Your passport to wines you've never heard of
· Washington · Middle Eastern / North African · Visit Website ↗
Reviewed June 11, 2026
Wingman Metrics
The wine list at Maydan stops you cold — in the best way. This isn't the usual parade of Chardonnay and Cabernet; instead, you're looking at Georgian Saperavi, Lebanese skin-contact, Armenian sparkling, and a Palestinian white grape most Americans couldn't name on a bet. It's a curated statement, and the statement is: your comfort zone is boring.
Nineteen labels, every single one poured by the glass, and almost all of them tethered thematically to the restaurant's Middle Eastern and North African identity. Georgia shows up with Baia's Wine Tsolikouri and Dakishvili Family Saperavi. Lebanon brings Mersel's skin-contact Phoenix and their collaboration rosé, Love Letter by Laila. Armenia checks in with Keush's méthode traditionnelle bubbly. The one outlier — te Pā Sauvignon Blanc from New Zealand — sticks out like a tourist who wandered into the wrong neighborhood, but it's there as a safe harbor for the unadventurous. The gaps are real: no deep cellar, no vintage depth, and the bottle ceiling of $105 means this is a by-the-glass program wearing a full wine list's hat.
Here's the actual superpower: every wine on the list is available by the glass, ranging from $8 to $22. That means you can run a personal tasting flight across three continents without committing to a bottle — and at a place this food-forward, that flexibility is exactly right. The amber and skin-contact category is a particular standout; the Mersel Phoenix Skin Contact 2022 and the Monemvasia Tsimbidi Kydonitsa are wines most people will never encounter anywhere else in DC.
Dakishvili Family Saperavi 2021 — $14/glass
Georgian Saperavi at this price point is a steal — the grape delivers dark fruit and serious structure that would cost you twice as much if it carried a French label. Order it with anything coming off the fire.
Keush 'Origins' Méthode Traditionnelle Brut
Armenian sparkling wine made in the traditional method — most tables walk right past it for the Cremant, which is a mistake.

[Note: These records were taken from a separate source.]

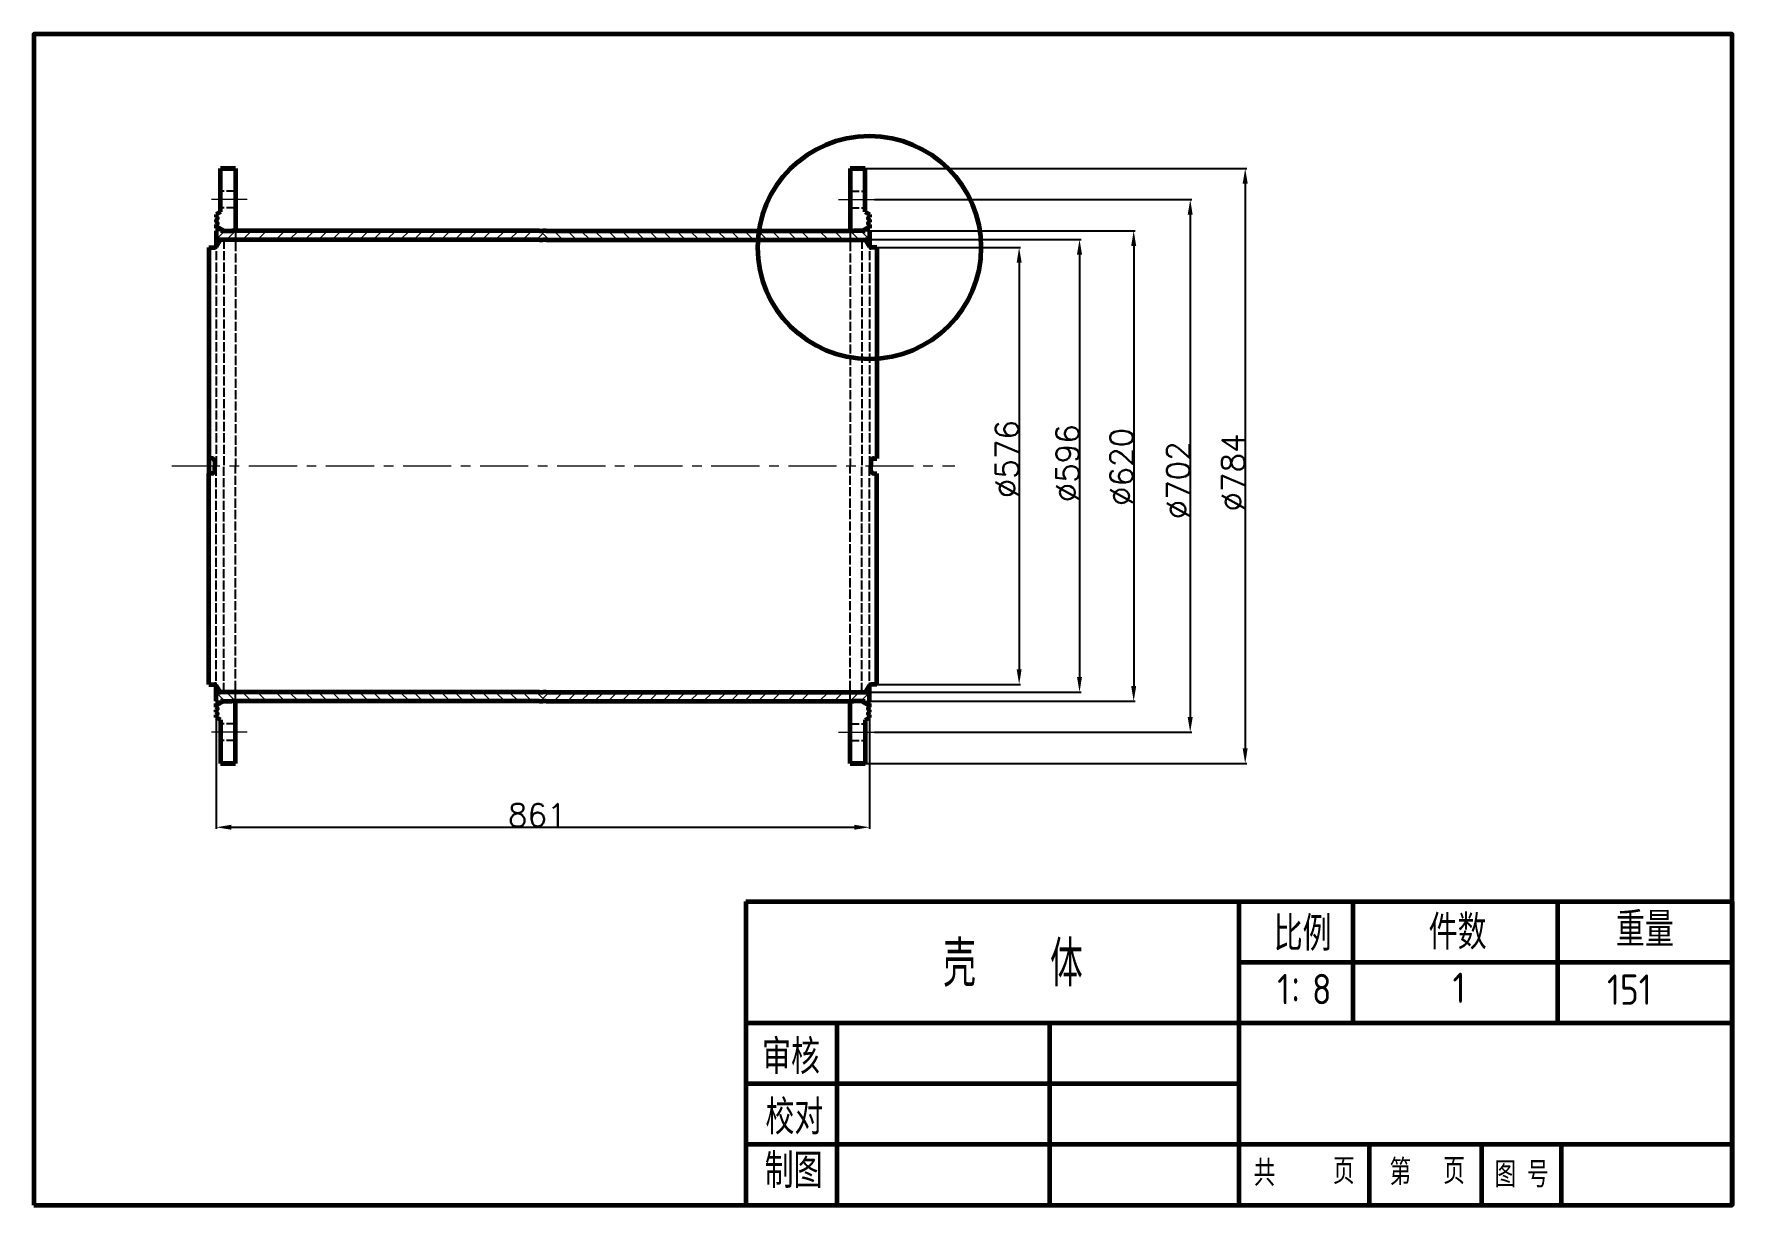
# Paper-space layout '壳体' of a CAD drawing. Header units: millimetres. Extents: x 24 to 2262, y 29 to 1572.
import ezdxf

# ---------------------------------------------------------------- set-up
doc = ezdxf.new("R2010")
doc.units = ezdxf.units.MM
doc.header["$PDMODE"] = 35
doc.header["$PDSIZE"] = -0.5
doc.linetypes.add('ACAD_ISO02W100', pattern=[15, 12, -3])
doc.linetypes.add('CENTERX2', pattern=[101.6, 63.5, -12.7, 12.7, -12.7])
for name, color, linetype, lineweight in [('中心线．点画线', 6, 'CENTERX2', 20), ('粗实线', 250, 'Continuous', 60), ('细实线０.18', 5, 'Continuous', 18), ('虚小', 233, 'ACAD_ISO02W100', 25)]:
    doc.layers.add(name, color=color, linetype=linetype, lineweight=lineweight)
doc.styles.get("Standard").update_dxf_attribs({"font": 'txt', "bigfont": 'gbcbig.shx'})
doc.styles.add('国标文字-5', font='gbenor.shx', dxfattribs={"height": 5, "bigfont": 'gbcbig.shx'})
doc.styles.add('汉字', font='SIMFANG.TTF', dxfattribs={"width": 0.7})
doc.dimstyles.new('圆引出', dxfattribs={"dimtxt": 28, "dimasz": 15, "dimexe": 2, "dimexo": 0, "dimgap": 1, "dimtad": 1, "dimtoh": 1, "dimdec": 0, "dimtxsty": 'Standard', "dimcen": 2.5, "dimadec": 0, "dimazin": 0, "dimtfac": 1, "dimtdec": 0, "dimtofl": 0, "dimtmove": 0, "dimatfit": 2, "dimfxl": 1, "dimarcsym": 0})

# ---------------------------------------------------------------- blocks, each defined once
blk = doc.blocks.new('*D181')
at = {"layer": 'Defpoints', "color": 0}
for p in [(264.1, 693), (1125.1, 693), (1125.1, 526.8)]:
    blk.add_point(p, dxfattribs=at)
at = {"layer": '细实线０.18', "color": 0, "lineweight": -2}
for p, q in [((264.1, 693), (264.1, 524.8)), ((1125.1, 693), (1125.1, 524.8)), ((284.1, 526.8), (1105.1, 526.8))]:
    blk.add_line(p, q, dxfattribs=at)
at = {"layer": '细实线０.18', "color": 0}
for points in [[(284.1, 530.1), (284.1, 523.5), (264.1, 526.8)], [(1105.1, 530.1), (1105.1, 523.5), (1125.1, 526.8)]]:
    blk.add_solid(points, dxfattribs=at)
at = {"layer": '细实线０.18', "color": 0, "insert": (687.2, 542.8), "char_height": 30, "attachment_point": 5}
blk.add_mtext('861', dxfattribs=at)
blk = doc.blocks.new('*D182')
at = {"layer": 'Defpoints', "color": 0}
for p in [(1135.1, 1290.9), (1135.4, 715.1), (1322.5, 715.1)]:
    blk.add_point(p, dxfattribs=at)
at = {"layer": '细实线０.18', "color": 0, "lineweight": -2}
for p, q in [((1135.1, 1290.9), (1324.5, 1290.9)), ((1322.5, 1270.9), (1322.5, 735.1)), ((1135.4, 715.1), (1324.5, 715.1))]:
    blk.add_line(p, q, dxfattribs=at)
at = {"layer": '细实线０.18', "color": 0}
for points in [[(1319.2, 1270.9), (1325.8, 1270.9), (1322.5, 1290.9)], [(1319.2, 735.1), (1325.8, 735.1), (1322.5, 715.1)]]:
    blk.add_solid(points, dxfattribs=at)
at = {"layer": '细实线０.18', "color": 0, "insert": (1306.5, 1012), "char_height": 30, "attachment_point": 5, "rotation": 90}
blk.add_mtext('%%C576', dxfattribs=at)
blk = doc.blocks.new('*D183')
at = {"layer": 'Defpoints', "color": 0}
for p in [(1125.1, 1301.5), (1125.1, 705), (1402.1, 705)]:
    blk.add_point(p, dxfattribs=at)
at = {"layer": '细实线０.18', "color": 0, "lineweight": -2}
for p, q in [((1125.1, 1301.5), (1404.1, 1301.5)), ((1402.1, 1281.5), (1402.1, 725)), ((1125.1, 705), (1404.1, 705))]:
    blk.add_line(p, q, dxfattribs=at)
at = {"layer": '细实线０.18', "color": 0}
for points in [[(1398.7, 1281.5), (1405.4, 1281.5), (1402.1, 1301.5)], [(1398.7, 725), (1405.4, 725), (1402.1, 705)]]:
    blk.add_solid(points, dxfattribs=at)
at = {"layer": '细实线０.18', "color": 0, "insert": (1386.1, 1006.5), "char_height": 30, "attachment_point": 5, "rotation": 90}
blk.add_mtext('%%C596', dxfattribs=at)
blk = doc.blocks.new('*D184')
at = {"layer": 'Defpoints', "color": 0}
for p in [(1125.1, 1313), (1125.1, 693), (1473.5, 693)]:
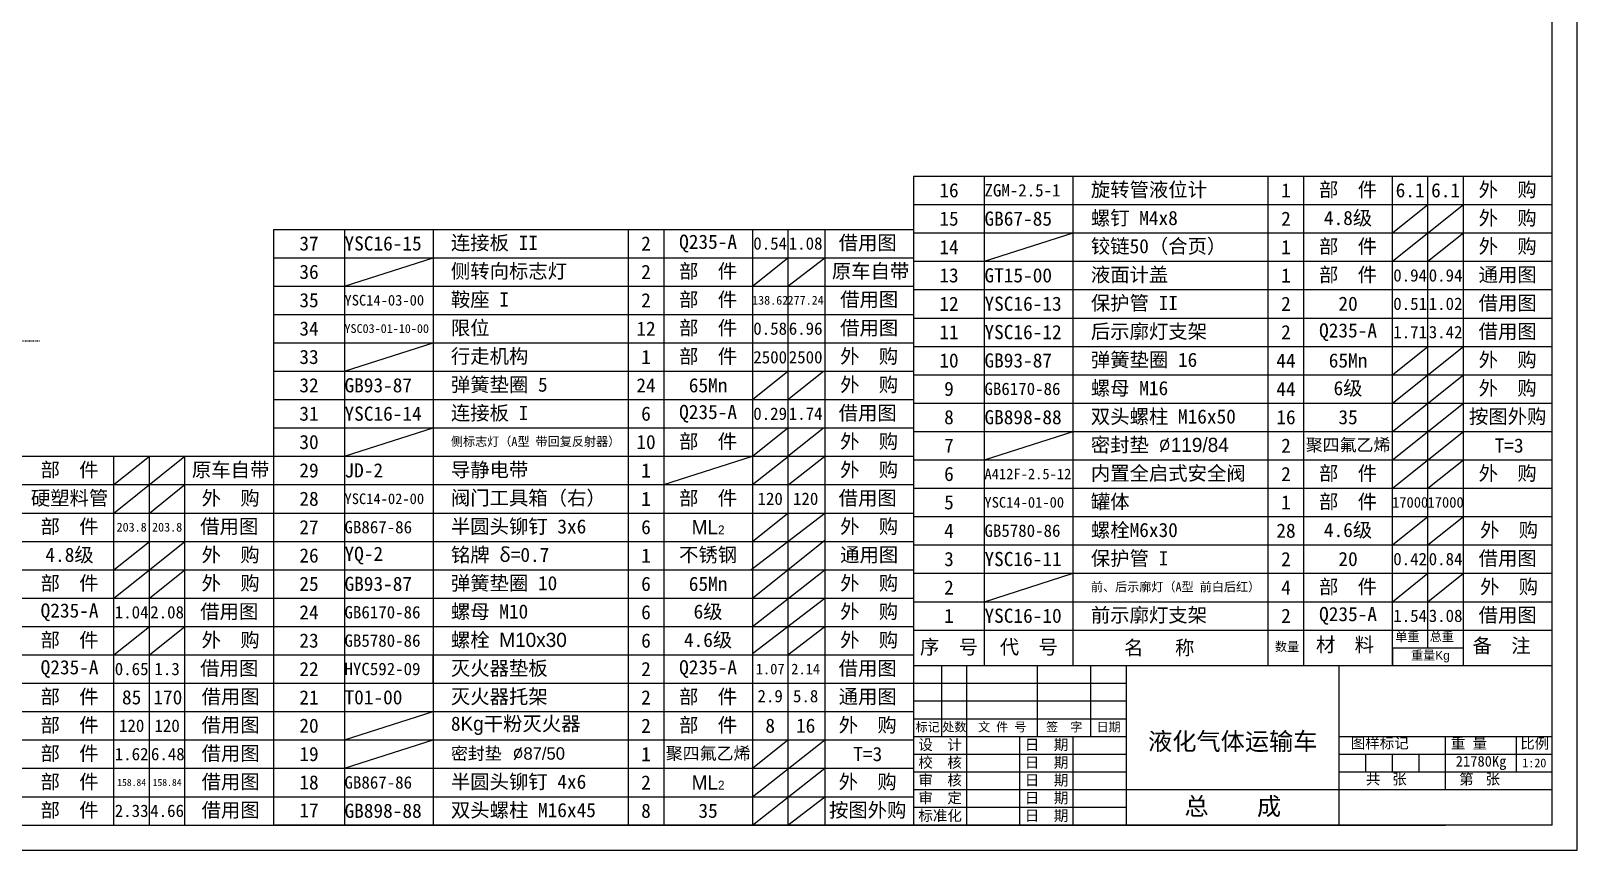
# Model space of a CAD drawing. Extents: x -95531 to 19990, y -17330 to 843.
# Drawn here: x -44434.3 to -43998.5, y -8623.1 to -8392.1 of the extents above; entities that cross this region are included whole.
import ezdxf

# ---------------------------------------------------------------- set-up
doc = ezdxf.new("R2010")
doc.units = 0
doc.linetypes.add('DASHDOT', pattern=[1, 0.5, -0.25, 0, -0.25])
for name, color, linetype in [('1', 5, 'CONTINUOUS'), ('2', 1, 'CONTINUOUS'), ('3', 3, 'DASHDOT'), ('LAYER1', 1, 'CONTINUOUS'), ('LAYER2', 2, 'CONTINUOUS'), ('LAYER3', 5, 'CONTINUOUS')]:
    doc.layers.add(name, color=color, linetype=linetype)
doc.styles.get("Standard").update_dxf_attribs({"font": 'SimSun.ttf', "height": 4})
doc.styles.add('STYLE1', font='SimSun.ttf', dxfattribs={"height": 4})

msp = doc.modelspace()

# ---------------------------------------------------------------- linework, layer by layer
at = {"layer": '1', "color": 2}
for p, q in [((-43998.45906, -8623.08423), (-43998.45906, -8029.33823)), ((-44185.51906, -8576.02423), (-44125.51906, -8576.02423)), ((-44185.51906, -8581.02423), (-44125.51906, -8581.02423)), ((-44185.51906, -8586.02423), (-44125.51906, -8586.02423)), ((-44065.51906, -8591.02423), (-44005.51906, -8591.02423)), ((-44185.51906, -8596.02423), (-44125.51906, -8596.02423)), ((-44065.51906, -8596.02423), (-44005.51906, -8596.02423)), ((-44185.51906, -8601.02423), (-44125.51906, -8601.02423)), ((-44065.51906, -8601.02423), (-44005.51906, -8601.02423)), ((-44185.51906, -8606.02423), (-44125.51906, -8606.02423)), ((-44185.51906, -8611.02423), (-44125.51906, -8611.02423)), ((-45259.45906, -8623.08423), (-43998.45906, -8623.08423))]:
    msp.add_line(p, q, dxfattribs=at)
at = {"layer": '1', "color": 1}
for p, q in [((-44005.51906, -8616.02423), (-44005.51906, -8036.39823)), ((-44140.51906, -8571.02423), (-44140.51906, -8433.02423)), ((-44085.51906, -8571.02423), (-44085.51906, -8433.02423)), ((-44075.51906, -8571.02423), (-44075.51906, -8433.02423)), ((-44050.51906, -8571.02423), (-44050.51906, -8433.02423)), ((-44040.51906, -8566.02423), (-44040.51906, -8433.02423)), ((-44030.51906, -8571.02423), (-44030.51906, -8433.02423)), ((-44185.51906, -8561.02423), (-44005.51906, -8561.02423)), ((-44050.51906, -8566.02423), (-44030.51906, -8566.02423)), ((-44185.51906, -8571.02423), (-44005.51906, -8571.02423)), ((-44177.51906, -8591.02423), (-44177.51906, -8571.02423)), ((-44170.51906, -8616.02423), (-44170.51906, -8571.02423)), ((-44150.51906, -8591.02423), (-44150.51906, -8571.02423)), ((-44135.51906, -8591.02423), (-44135.51906, -8571.02423)), ((-44125.51906, -8616.02423), (-44125.51906, -8571.02423)), ((-44065.51906, -8616.02423), (-44065.51906, -8571.02423)), ((-44185.51906, -8591.02423), (-44125.51906, -8591.02423)), ((-44155.51906, -8616.02423), (-44155.51906, -8591.02423)), ((-44140.51906, -8616.02423), (-44140.51906, -8591.02423)), ((-44035.51906, -8606.02423), (-44035.51906, -8591.02423)), ((-44015.51906, -8601.02423), (-44015.51906, -8591.02423)), ((-44058.01906, -8601.02423), (-44058.01906, -8596.02423)), ((-44050.51906, -8601.02423), (-44050.51906, -8596.02423)), ((-44043.01906, -8601.02423), (-44043.01906, -8596.02423)), ((-45234.45906, -8616.02423), (-44035.51906, -8616.02423)), ((-44005.51906, -8616.02423), (-44185.51906, -8616.02423))]:
    msp.add_line(p, q, dxfattribs=at)
at = {"layer": '2', "color": 1}
for p, q in [((-44185.51906, -8433.02423), (-44185.51906, -8616.02423)), ((-44365.92499, -8448.02428), (-44365.92499, -8616.02423)), ((-44345.92499, -8448.02428), (-44345.92499, -8616.02423)), ((-44320.92499, -8448.02428), (-44320.92499, -8616.02423)), ((-44265.92499, -8448.02428), (-44265.92499, -8616.02423)), ((-44255.92499, -8448.02428), (-44255.92499, -8616.02423)), ((-44230.92499, -8448.02428), (-44230.92499, -8615.67683)), ((-44230.92499, -8448.02428), (-44230.92499, -8616.02423)), ((-44220.92499, -8448.02428), (-44220.92499, -8616.02423)), ((-44210.51909, -8448.02428), (-44210.51909, -8616.02423))]:
    msp.add_line(p, q, dxfattribs=at)
at = {"layer": '2'}
msp.add_line((-44165.51906, -8571.02423), (-44165.51906, -8433.02423), dxfattribs=at)
at = {"layer": '2', "color": 2, "linetype": 'ByBlock'}
for p, q in [((-44185.51906, -8441.02423), (-44005.51906, -8441.02423)), ((-44185.51906, -8449.02423), (-44005.51906, -8449.02423)), ((-44365.92499, -8456.02428), (-44185.51906, -8456.02428)), ((-44185.51906, -8457.02423), (-44005.51906, -8457.02423)), ((-44365.92499, -8464.02428), (-44185.51906, -8464.02428)), ((-44185.51906, -8465.02423), (-44005.51906, -8465.02423)), ((-44365.92499, -8472.02428), (-44185.51906, -8472.02428)), ((-44185.51906, -8473.02423), (-44005.51906, -8473.02423)), ((-44365.92499, -8480.02428), (-44185.51906, -8480.02428)), ((-44185.51906, -8481.02423), (-44005.51906, -8481.02423)), ((-44365.92499, -8488.02428), (-44185.51906, -8488.02428)), ((-44185.51906, -8489.02423), (-44005.51906, -8489.02423)), ((-44365.92499, -8496.02428), (-44185.51906, -8496.02428)), ((-44185.51906, -8497.02423), (-44005.51906, -8497.02423)), ((-44365.92499, -8504.02428), (-44185.51906, -8504.02428)), ((-44185.51906, -8505.02423), (-44005.51906, -8505.02423)), ((-44365.92499, -8512.02428), (-44185.51906, -8512.02428)), ((-44185.51906, -8513.02423), (-44005.51906, -8513.02423)), ((-44365.92499, -8520.02428), (-44185.51906, -8520.02428)), ((-44185.51906, -8521.02423), (-44005.51906, -8521.02423)), ((-44365.92499, -8528.02428), (-44185.51906, -8528.02428)), ((-44185.51906, -8529.02423), (-44005.51906, -8529.02423)), ((-44365.92499, -8536.02428), (-44185.51906, -8536.02428)), ((-44185.51906, -8537.02423), (-44005.51906, -8537.02423)), ((-44365.92499, -8544.02428), (-44185.51906, -8544.02428)), ((-44185.51906, -8545.02423), (-44005.51906, -8545.02423)), ((-44365.92499, -8552.02428), (-44185.51906, -8552.02428)), ((-44185.51906, -8553.02423), (-44005.51906, -8553.02423)), ((-44365.92499, -8560.02428), (-44185.51906, -8560.02428)), ((-44365.92499, -8568.02428), (-44185.51906, -8568.02428)), ((-44365.92499, -8576.02428), (-44185.51906, -8576.02428)), ((-44365.92499, -8584.02428), (-44185.51906, -8584.02428)), ((-44365.92499, -8592.02428), (-44185.51906, -8592.02428)), ((-44365.92499, -8600.02428), (-44185.51906, -8600.02428)), ((-44365.92499, -8608.02428), (-44185.51906, -8608.02428))]:
    msp.add_line(p, q, dxfattribs=at)
at = {"layer": '2', "color": 1, "linetype": 'ByBlock'}
for p, q in [((-44365.92499, -8448.02428), (-44185.66127, -8448.02428)), ((-44185.51906, -8561.02423), (-44005.92499, -8561.02423)), ((-44320.92499, -8576.02428), (-44320.92499, -8568.02428))]:
    msp.add_line(p, q, dxfattribs=at)
at = {"layer": '3'}
msp.add_line((-44535.06523, -8479.41765), (-44431.88894, -8479.41765), dxfattribs=at)
at = {"layer": 'LAYER1', "color": 1}
for p, q in [((-44545.92499, -8512.02423), (-44365.92499, -8512.02423)), ((-44545.92499, -8536.02423), (-44365.92499, -8536.02423))]:
    msp.add_line(p, q, dxfattribs=at)
at = {"layer": 'LAYER1'}
for p, q in [((-44410.92499, -8616.02423), (-44410.92499, -8512.02423)), ((-44400.92499, -8616.02423), (-44400.92499, -8512.02423)), ((-44390.92499, -8616.02423), (-44390.92499, -8512.02423)), ((-44050.51906, -8566.02423), (-44030.51906, -8566.02423)), ((-44050.51906, -8566.02423), (-44050.51906, -8571.02423)), ((-44125.51906, -8606.02423), (-44065.51906, -8606.02423)), ((-44065.51906, -8606.02423), (-44005.51906, -8606.02423)), ((-44185.51907, -8616.02423), (-44365.51907, -8616.02423))]:
    msp.add_line(p, q, dxfattribs=at)
at = {"layer": 'LAYER1', "color": 2}
for p, q in [((-44545.92499, -8520.02423), (-44365.92499, -8520.02423)), ((-44545.92499, -8528.02423), (-44365.92499, -8528.02423)), ((-44545.92499, -8536.02423), (-44365.92499, -8536.02423)), ((-44545.92499, -8536.02423), (-44365.92499, -8536.02423)), ((-44545.92499, -8544.02423), (-44365.92499, -8544.02423)), ((-44545.92499, -8552.02423), (-44365.92499, -8552.02423)), ((-44545.92499, -8560.02423), (-44365.92499, -8560.02423)), ((-44545.92499, -8568.02423), (-44365.92499, -8568.02423)), ((-44545.92499, -8576.02423), (-44365.92499, -8576.02423)), ((-44545.92499, -8584.02423), (-44365.92499, -8584.02423)), ((-44545.92499, -8592.02423), (-44365.92499, -8592.02423)), ((-44545.92499, -8600.02423), (-44365.92499, -8600.02423)), ((-44545.92499, -8608.02423), (-44365.92499, -8608.02423))]:
    msp.add_line(p, q, dxfattribs=at)
at = {"layer": 'LAYER3', "color": 1}
msp.add_line((-44185.51906, -8433.02423), (-44005.51906, -8433.02423), dxfattribs=at)
at = {"layer": 'LAYER3'}
for p, q in [((-44050.51906, -8457.02423), (-44030.51906, -8441.02423)), ((-44050.51906, -8449.02423), (-44040.51906, -8441.02423)), ((-44165.51906, -8457.02423), (-44140.51906, -8449.02423)), ((-44040.51906, -8457.02423), (-44030.51906, -8449.02423)), ((-44345.92499, -8464.02428), (-44320.92499, -8456.02428)), ((-44230.92499, -8464.02428), (-44220.92499, -8456.02428)), ((-44220.92499, -8464.02428), (-44210.51909, -8456.02428)), ((-44345.92499, -8488.02428), (-44320.92499, -8480.02428)), ((-44050.51906, -8497.02423), (-44030.51906, -8481.02423)), ((-44050.51906, -8489.02423), (-44040.51906, -8481.02423)), ((-44230.92499, -8496.02428), (-44220.92499, -8488.02428)), ((-44220.92499, -8496.02428), (-44210.92499, -8488.02428)), ((-44050.51906, -8505.02423), (-44030.51906, -8489.02423)), ((-44050.51906, -8513.02423), (-44030.51906, -8497.02423)), ((-44345.92499, -8512.02428), (-44320.92499, -8504.02428)), ((-44230.92499, -8512.02428), (-44220.92499, -8504.02428)), ((-44220.92499, -8512.02428), (-44210.92499, -8504.02428)), ((-44165.51906, -8513.02423), (-44140.51906, -8505.02423)), ((-44050.51906, -8521.02423), (-44030.51906, -8505.02423)), ((-44410.92499, -8528.02423), (-44390.92499, -8512.02423)), ((-44410.92499, -8520.02423), (-44400.92499, -8512.02423)), ((-44255.92499, -8520.02428), (-44230.92499, -8512.02428)), ((-44230.92499, -8520.02428), (-44220.72204, -8512.02428)), ((-44220.92499, -8520.18341), (-44210.51909, -8512.02428)), ((-44040.51906, -8521.02423), (-44030.51906, -8513.02423)), ((-44400.92499, -8528.02423), (-44390.92499, -8520.02423)), ((-44231.33089, -8544.02428), (-44210.51909, -8528.02428)), ((-44230.92499, -8536.02428), (-44220.92499, -8528.02428)), ((-44050.51906, -8537.02423), (-44040.51906, -8529.02423)), ((-44040.51906, -8537.02423), (-44030.51906, -8529.02423)), ((-44410.92499, -8544.02423), (-44400.92499, -8536.02423)), ((-44400.92499, -8544.02423), (-44390.92499, -8536.02423)), ((-44230.92499, -8552.02428), (-44210.51909, -8535.69956)), ((-44410.92499, -8552.02423), (-44400.92499, -8544.02423)), ((-44400.92499, -8552.02423), (-44390.92499, -8544.02423)), ((-44230.92499, -8560.02428), (-44210.51909, -8544.02428)), ((-44165.51906, -8553.02423), (-44140.51906, -8545.02423)), ((-44050.51906, -8553.02423), (-44040.51906, -8545.02423)), ((-44040.51906, -8553.02423), (-44030.51906, -8545.02423)), ((-44230.92499, -8567.67683), (-44210.51909, -8552.02428)), ((-44410.92499, -8568.02423), (-44400.92499, -8560.02423)), ((-44400.92499, -8568.02423), (-44390.92499, -8560.02423)), ((-44220.92499, -8568.02423), (-44210.51909, -8560.02428)), ((-44345.92499, -8592.02428), (-44320.92499, -8584.02428)), ((-44345.92499, -8600.02428), (-44320.92499, -8592.02428)), ((-44230.92499, -8600.02428), (-44220.92499, -8592.02428)), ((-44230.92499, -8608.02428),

Keush is a serious producer working at high altitude in the Areni region, and this bottle is a genuine conversation starter that also happens to drink extremely well.
te Pā Sauvignon Blanc 2023
New Zealand Sauvignon Blanc is a fine wine in the right context, but here it reads as the list's one concession to guests who won't take a risk. You came to Maydan — if you're ordering the most predictable white on the menu, you're wasting your evening.
Alain Graillot-Thalvin Syrocco 2021 + Lamb from the wood fire
Graillot's Moroccan Syrah — yes, that Graillot — was practically engineered for smoke and char. The wine's dark olive, dried herb, and pepper notes lock into spiced roasted lamb in a way that makes the whole table pay attention.
🎲 The Bottom Line
Maydan's wine list is one of the most geographically coherent and genuinely adventurous in Washington, DC — it matches the kitchen's ambition and then some. If you're willing to let go of the familiar, this is one of the best by-the-glass programs in the city for opening your eyes to what the wine world looks like beyond Europe.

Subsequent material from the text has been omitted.